Une règle, donc, pour cette manifestation : d’authentiques témoignages, par les meilleurs. Pas de blabla, pas de contributions de soi-disant experts patentés qui n’auraient jamais rencontré de vrais clients ou dirigé des entreprises. Deux impératifs : la concision et l’illustration. Un clin d’œil, enfin : on est en France, on y possède ou rencontre des champions du service ou de l’expérience client. Les conférences se tiennent donc en français et si possible sans la « novlangue » qui suinte partout.
Pourquoi la Baule et un bel hôtel ?
L’industrie du luxe et l’industrie hôtelières sont deux des secteurs les plus en avance sur la question de l’expérience client ; on peut « importer » beaucoup des savoirs-faires de ces métiers. D’autre part, je suis convaincu que pour apprendre, travailler, échanger, certains lieux contribuent fortement à l’alchimie.
En avril 2013, j’avais trois jours pour trouver un lieu susceptible d’accueillir 120 dirigeants, accessible en 3 heures depuis Paris. Les équipes de l’hôtel Hermitage Barrière ont été réactives, engagées ; ca m’a plu, elles ont fait un travail remarquable et on a donc décidé d’installer l’événement chez eux. Quand on dit que l’expérience client permet de fidéliser, ce n’est pas seulement un discours !

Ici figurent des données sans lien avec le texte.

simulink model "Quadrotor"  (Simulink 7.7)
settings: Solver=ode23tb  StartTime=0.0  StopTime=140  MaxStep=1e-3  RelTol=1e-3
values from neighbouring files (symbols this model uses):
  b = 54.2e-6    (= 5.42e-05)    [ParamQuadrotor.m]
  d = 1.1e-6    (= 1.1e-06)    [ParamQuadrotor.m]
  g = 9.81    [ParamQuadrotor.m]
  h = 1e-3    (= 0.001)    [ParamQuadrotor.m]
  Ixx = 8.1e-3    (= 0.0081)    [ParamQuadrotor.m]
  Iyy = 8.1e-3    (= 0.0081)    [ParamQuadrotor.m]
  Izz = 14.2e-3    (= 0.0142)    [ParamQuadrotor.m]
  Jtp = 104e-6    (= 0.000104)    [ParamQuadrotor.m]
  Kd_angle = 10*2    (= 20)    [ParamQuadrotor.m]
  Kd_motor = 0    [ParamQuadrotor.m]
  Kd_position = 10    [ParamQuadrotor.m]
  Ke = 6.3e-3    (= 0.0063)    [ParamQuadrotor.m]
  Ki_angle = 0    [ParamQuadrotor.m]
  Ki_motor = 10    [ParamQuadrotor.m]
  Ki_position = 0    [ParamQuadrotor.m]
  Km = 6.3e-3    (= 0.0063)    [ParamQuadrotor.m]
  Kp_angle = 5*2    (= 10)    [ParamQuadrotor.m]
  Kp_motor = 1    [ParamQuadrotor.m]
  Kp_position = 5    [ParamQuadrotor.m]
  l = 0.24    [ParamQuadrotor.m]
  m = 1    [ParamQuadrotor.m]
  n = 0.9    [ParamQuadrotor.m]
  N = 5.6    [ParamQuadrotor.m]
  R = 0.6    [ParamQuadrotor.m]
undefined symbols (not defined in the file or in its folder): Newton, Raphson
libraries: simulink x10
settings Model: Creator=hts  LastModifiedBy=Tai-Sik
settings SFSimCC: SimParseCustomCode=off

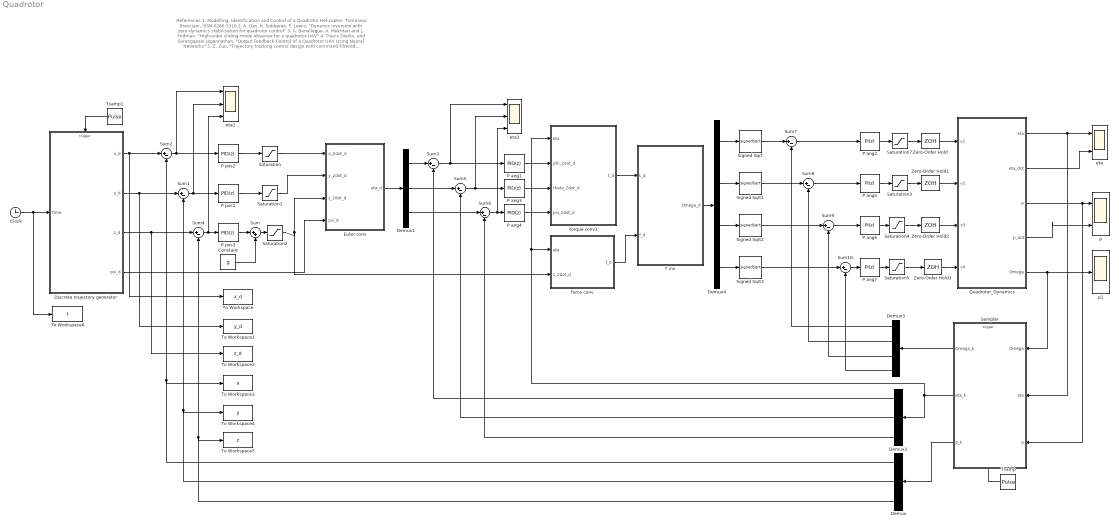
== system Quadrotor ==
  note: References
      | 1. Modelling, Identification and Control
      | of a Quadrotor Helicopter, Tommaso Bresciani, ISSN 0280-5316
      | 2. A. Das, K. Subbarao, F. Lewis, "Dynamic inversion with zero-dynamics
      | stabilisation for quadrotor control"
      | 3. A. Benallegue, A. Mokhtari and L. Fridman, "High-order sliding-mode observer for a quadrotor UAV"
      | 4. Travis Dierks, and Sarangapani Jagannathan, "Output Feedback Control of a Quadrotor UAV Using Neural Networks"
      | 5. Z. Zuo, "Trajectory tracking control design with command-filtered compensation for a quadrotor"
  Clock : Clock
      settings: Decimation=10
  Constant : Constant  Value=g
  Demux : Demux  Outputs=3
  Demux1 : Demux  Outputs=3
  Demux2 : Demux  Outputs=3
  Demux3 : Demux
  Demux4 : Demux
  Discrete trajectory generator : Subsystem  TreatAsAtomicUnit=on
  Euler conv : Stateflow chart  TreatAsAtomicUnit=on
  P ang1 : simulink/Continuous/PID Controller  SystemSampleTime=-1  Controller=PID  TimeDomain=Discrete-time  SampleTime=h  IntegratorMethod=Trapezoidal  FilterMethod=Trapezoidal  Form=Parallel  P=Kp_angle  I=Ki_angle  D=Kd_angle  N=100  InitialConditionSource=internal  InitialConditionForIntegrator=0  InitialConditionForFilter=0  ExternalReset=none  LimitOutput=off  UpperSaturationLimit=inf  LowerSaturationLimit=-inf  LinearizeAsGain=off  AntiWindupMode=none  Kb=1  TrackingMode=off  Kt=1  PParamMin=[]  PParamMax=[]  IParamMin=[]  IParamMax=[]  DParamMin=[]  DParamMax=[]  NParamMin=[]  NParamMax=[]  KbParamMin=[]  KbParamMax=[]  KtParamMin=[]  KtParamMax=[]  POutMin=[]  POutMax=[]  IOutMin=[]  IOutMax=[]  DOutMin=[]  DOutMax=[]  NOutMin=[]  NOutMax=[]  KbOutMin=[]  KbOutMax=[]  KtOutMin=[]  KtOutMax=[]  IntegratorOutMin=[]  IntegratorOutMax=[]  FilterOutMin=[]  FilterOutMax=[]  SumOutMin=[]  SumOutMax=[]  SumI1OutMin=[]  SumI1OutMax=[]  SumI2OutMin=[]  SumI2OutMax=[]  SumI3OutMin=[]  SumI3OutMax=[]  SumDOutMin=[]  SumDOutMax=[]  SaturationOutMin=[]  SaturationOutMax=[]  IntegratorContinuousStateAttributes=''  IntegratorStateMustResolveToSignalObject=off  IntegratorRTWStateStorageClass=Auto  FilterContinuousStateAttributes=''  FilterStateMustResolveToSignalObject=off  FilterRTWStateStorageClass=Auto
  P ang{2,5..7} (4 alike) : simulink/Continuous/PID Controller  SystemSampleTime=-1  Controller=PI  TimeDomain=Discrete-time  SampleTime=h  IntegratorMethod=Trapezoidal  FilterMethod=Trapezoidal  Form=Parallel  P=Kp_motor  I=Ki_motor  D=Kd_motor  N=100  InitialConditionSource=internal  InitialConditionForIntegrator=0  InitialConditionForFilter=0  ExternalReset=none  LimitOutput=off  UpperSaturationLimit=inf  LowerSaturationLimit=-inf  LinearizeAsGain=off  AntiWindupMode=none  Kb=1  TrackingMode=off  Kt=1  PParamMin=[]  PParamMax=[]  IParamMin=[]  IParamMax=[]  DParamMin=[]  DParamMax=[]  NParamMin=[]  NParamMax=[]  KbParamMin=[]  KbParamMax=[]  KtParamMin=[]  KtParamMax=[]  POutMin=[]  POutMax=[]  IOutMin=[]  IOutMax=[]  DOutMin=[]  DOutMax=[]  NOutMin=[]  NOutMax=[]  KbOutMin=[]  KbOutMax=[]  KtOutMin=[]  KtOutMax=[]  IntegratorOutMin=[]  IntegratorOutMax=[]  FilterOutMin=[]  FilterOutMax=[]  SumOutMin=[]  SumOutMax=[]  SumI1OutMin=[]  SumI1OutMax=[]  SumI2OutMin=[]  SumI2OutMax=[]  SumI3OutMin=[]  SumI3OutMax=[]  SumDOutMin=[]  SumDOutMax=[]  SaturationOutMin=[]  SaturationOutMax=[]  IntegratorContinuousStateAttributes=''  IntegratorStateMustResolveToSignalObject=off  IntegratorRTWStateStorageClass=Auto  FilterContinuousStateAttributes=''  FilterStateMustResolveToSignalObject=off  FilterRTWStateStorageClass=Auto
  P ang3 : simulink/Continuous/PID Controller  SystemSampleTime=-1  Controller=PID  TimeDomain=Discrete-time  SampleTime=h  IntegratorMethod=Trapezoidal  FilterMethod=Trapezoidal  Form=Parallel  P=Kp_angle  I=Ki_angle  D=Kd_angle  N=100  InitialConditionSource=internal  InitialConditionForIntegrator=0  InitialConditionForFilter=0  ExternalReset=none  LimitOutput=off  UpperSaturationLimit=inf  LowerSaturationLimit=-inf  LinearizeAsGain=off  AntiWindupMode=none  Kb=1  TrackingMode=off  Kt=1  PParamMin=[]  PParamMax=[]  IParamMin=[]  IParamMax=[]  DParamMin=[]  DParamMax=[]  NParamMin=[]  NParamMax=[]  KbParamMin=[]  KbParamMax=[]  KtParamMin=[]  KtParamMax=[]  POutMin=[]  POutMax=[]  IOutMin=[]  IOutMax=[]  DOutMin=[]  DOutMax=[]  NOutMin=[]  NOutMax=[]  KbOutMin=[]  KbOutMax=[]  KtOutMin=[]  KtOutMax=[]  IntegratorOutMin=[]  IntegratorOutMax=[]  FilterOutMin=[]  FilterOutMax=[]  SumOutMin=[]  SumOutMax=[]  SumI1OutMin=[]  SumI1OutMax=[]  SumI2OutMin=[]  SumI2OutMax=[]  SumI3OutMin=[]  SumI3OutMax=[]  SumDOutMin=[]  SumDOutMax=[]  SaturationOutMin=[]  SaturationOutMax=[]  IntegratorContinuousStateAttributes=''  IntegratorStateMustResolveToSignalObject=off  IntegratorRTWStateStorageClass=Auto  FilterContinuousStateAttributes=''  FilterStateMustResolveToSignalObject=off  FilterRTWStateStorageClass=Auto
  P ang4 : simulink/Continuous/PID Controller  SystemSampleTime=-1  Controller=PID  TimeDomain=Discrete-time  SampleTime=h  IntegratorMethod=Trapezoidal  FilterMethod=Trapezoidal  Form=Parallel  P=Kp_angle  I=Ki_angle  D=Kd_angle  N=100  InitialConditionSource=internal  InitialConditionForIntegrator=0  InitialConditionForFilter=0  ExternalReset=none  LimitOutput=off  UpperSaturationLimit=inf  LowerSaturationLimit=-inf  LinearizeAsGain=off  AntiWindupMode=none  Kb=1  TrackingMode=off  Kt=1  PParamMin=[]  PParamMax=[]  IParamMin=[]  IParamMax=[]  DParamMin=[]  DParamMax=[]  NParamMin=[]  NParamMax=[]  KbParamMin=[]  KbParamMax=[]  KtParamMin=[]  KtParamMax=[]  POutMin=[]  POutMax=[]  IOutMin=[]  IOutMax=[]  DOutMin=[]  DOutMax=[]  NOutMin=[]  NOutMax=[]  KbOutMin=[]  KbOutMax=[]  KtOutMin=[]  KtOutMax=[]  IntegratorOutMin=[]  IntegratorOutMax=[]  FilterOutMin=[]  FilterOutMax=[]  SumOutMin=[]  SumOutMax=[]  SumI1OutMin=[]  SumI1OutMax=[]  SumI2OutMin=[]  SumI2OutMax=[]  SumI3OutMin=[]  SumI3OutMax=[]  SumDOutMin=[]  SumDOutMax=[]  SaturationOutMin=[]  SaturationOutMax=[]  IntegratorContinuousStateAttributes=''  IntegratorStateMustResolveToSignalObject=off  IntegratorRTWStateStorageClass=Auto  FilterContinuousStateAttributes=''  FilterStateMustResolveToSignalObject=off  FilterRTWStateStorageClass=Auto
  P pos1 : simulink/Continuous/PID Controller  SystemSampleTime=-1  Controller=PID  TimeDomain=Discrete-time  SampleTime=h  IntegratorMethod=Trapezoidal  FilterMethod=Trapezoidal  Form=Parallel  P=Kp_position  I=Ki_position  D=Kd_position  N=100  InitialConditionSource=internal  InitialConditionForIntegrator=0  InitialConditionForFilter=0  ExternalReset=none  LimitOutput=off  UpperSaturationLimit=5  LowerSaturationLimit=-10  LinearizeAsGain=off  AntiWindupMode=none  Kb=1  TrackingMode=off  Kt=1  PParamMin=[]  PParamMax=[]  IParamMin=[]  IParamMax=[]  DParamMin=[]  DParamMax=[]  NParamMin=[]  NParamMax=[]  KbParamMin=[]  KbParamMax=[]  KtParamMin=[]  KtParamMax=[]  POutMin=[]  POutMax=[]  IOutMin=[]  IOutMax=[]  DOutMin=[]  DOutMax=[]  NOutMin=[]  NOutMax=[]  KbOutMin=[]  KbOutMax=[]  KtOutMin=[]  KtOutMax=[]  IntegratorOutMin=[]  IntegratorOutMax=[]  FilterOutMin=[]  FilterOutMax=[]  SumOutMin=[]  SumOutMax=[]  SumI1OutMin=[]  SumI1OutMax=[]  SumI2OutMin=[]  SumI2OutMax=[]  SumI3OutMin=[]  SumI3OutMax=[]  SumDOutMin=[]  SumDOutMax=[]  SaturationOutMin=[]  SaturationOutMax=[]  IntegratorContinuousStateAttributes=''  IntegratorStateMustResolveToSignalObject=off  IntegratorRTWStateStorageClass=Auto  FilterContinuousStateAttributes=''  FilterStateMustResolveToSignalObject=off  FilterRTWStateStorageClass=Auto
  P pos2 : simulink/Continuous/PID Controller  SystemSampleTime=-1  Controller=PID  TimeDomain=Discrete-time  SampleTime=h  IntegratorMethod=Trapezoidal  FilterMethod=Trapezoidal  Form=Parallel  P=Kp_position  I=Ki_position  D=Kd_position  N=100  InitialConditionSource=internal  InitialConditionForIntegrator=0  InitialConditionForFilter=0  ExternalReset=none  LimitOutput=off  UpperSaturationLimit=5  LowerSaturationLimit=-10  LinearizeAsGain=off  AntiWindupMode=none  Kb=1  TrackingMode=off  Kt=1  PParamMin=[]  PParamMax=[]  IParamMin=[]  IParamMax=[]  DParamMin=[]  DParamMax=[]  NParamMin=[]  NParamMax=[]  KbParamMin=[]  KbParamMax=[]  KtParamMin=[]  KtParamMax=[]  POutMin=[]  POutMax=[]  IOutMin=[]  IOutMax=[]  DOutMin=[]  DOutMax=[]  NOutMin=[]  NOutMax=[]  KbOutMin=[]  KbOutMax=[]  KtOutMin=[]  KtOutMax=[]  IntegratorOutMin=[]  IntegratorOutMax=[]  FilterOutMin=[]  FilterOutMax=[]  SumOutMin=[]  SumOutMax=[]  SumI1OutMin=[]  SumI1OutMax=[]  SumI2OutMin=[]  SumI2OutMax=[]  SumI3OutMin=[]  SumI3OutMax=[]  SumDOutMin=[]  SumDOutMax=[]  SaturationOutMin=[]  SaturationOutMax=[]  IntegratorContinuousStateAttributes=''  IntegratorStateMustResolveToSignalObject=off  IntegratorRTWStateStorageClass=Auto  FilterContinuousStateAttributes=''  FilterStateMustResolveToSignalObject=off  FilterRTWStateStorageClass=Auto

1 900 euros – c’est le montant des frais d’inscription – pour deux jours à la Baule, c’est beaucoup…
C’est très peu, c’est donné ! (sourires) Notre promesse est claire vis-à-vis des intervenants comme des participants. Aux premiers, nous garantissons une audience attentive et motivée : l’entrepreneur, le directeur marketing ou d’expérience client, le consultant qui vient se former à la Baule y consacre deux jours de son temps et de l’argent. Les deux ressources rares de notre époque. C’est une véritable preuve d’intérêt.
Aux seconds, nous offrons un tour d’horizon complet grâce à 30 master-classes et conférences courtes. Mais aussi la possibilité d’échanger, de nouer des partenariats, de rencontrer des décideurs du domaine dans un environnement privilégié. En musique ou en danse, vous pouvez être déjà un virtuose et vouloir vous frotter aux meilleurs ; dans ce cas-là, vous ferez tout pour entrer à la Juilliard School à New York ou au Berklee College à Boston. Si vous êtes un futur Quincy Jones, Diana Krall ou Pina Bausch – anciens de ces établissements – de l’expérience client, ou que vous voulez le devenir, meet us… à la Baule !
Propos recueillis par Louis Jacobée
*Juilliard School et Berklee College, deux des écoles de musique et d’art dramatique les plus réputées au monde. Elles accueillent, après une sélection rigoureuse, de jeunes musiciens, comédiens, désireux de travailler avec les plus grands maîtres pour le devenir eux-mêmes.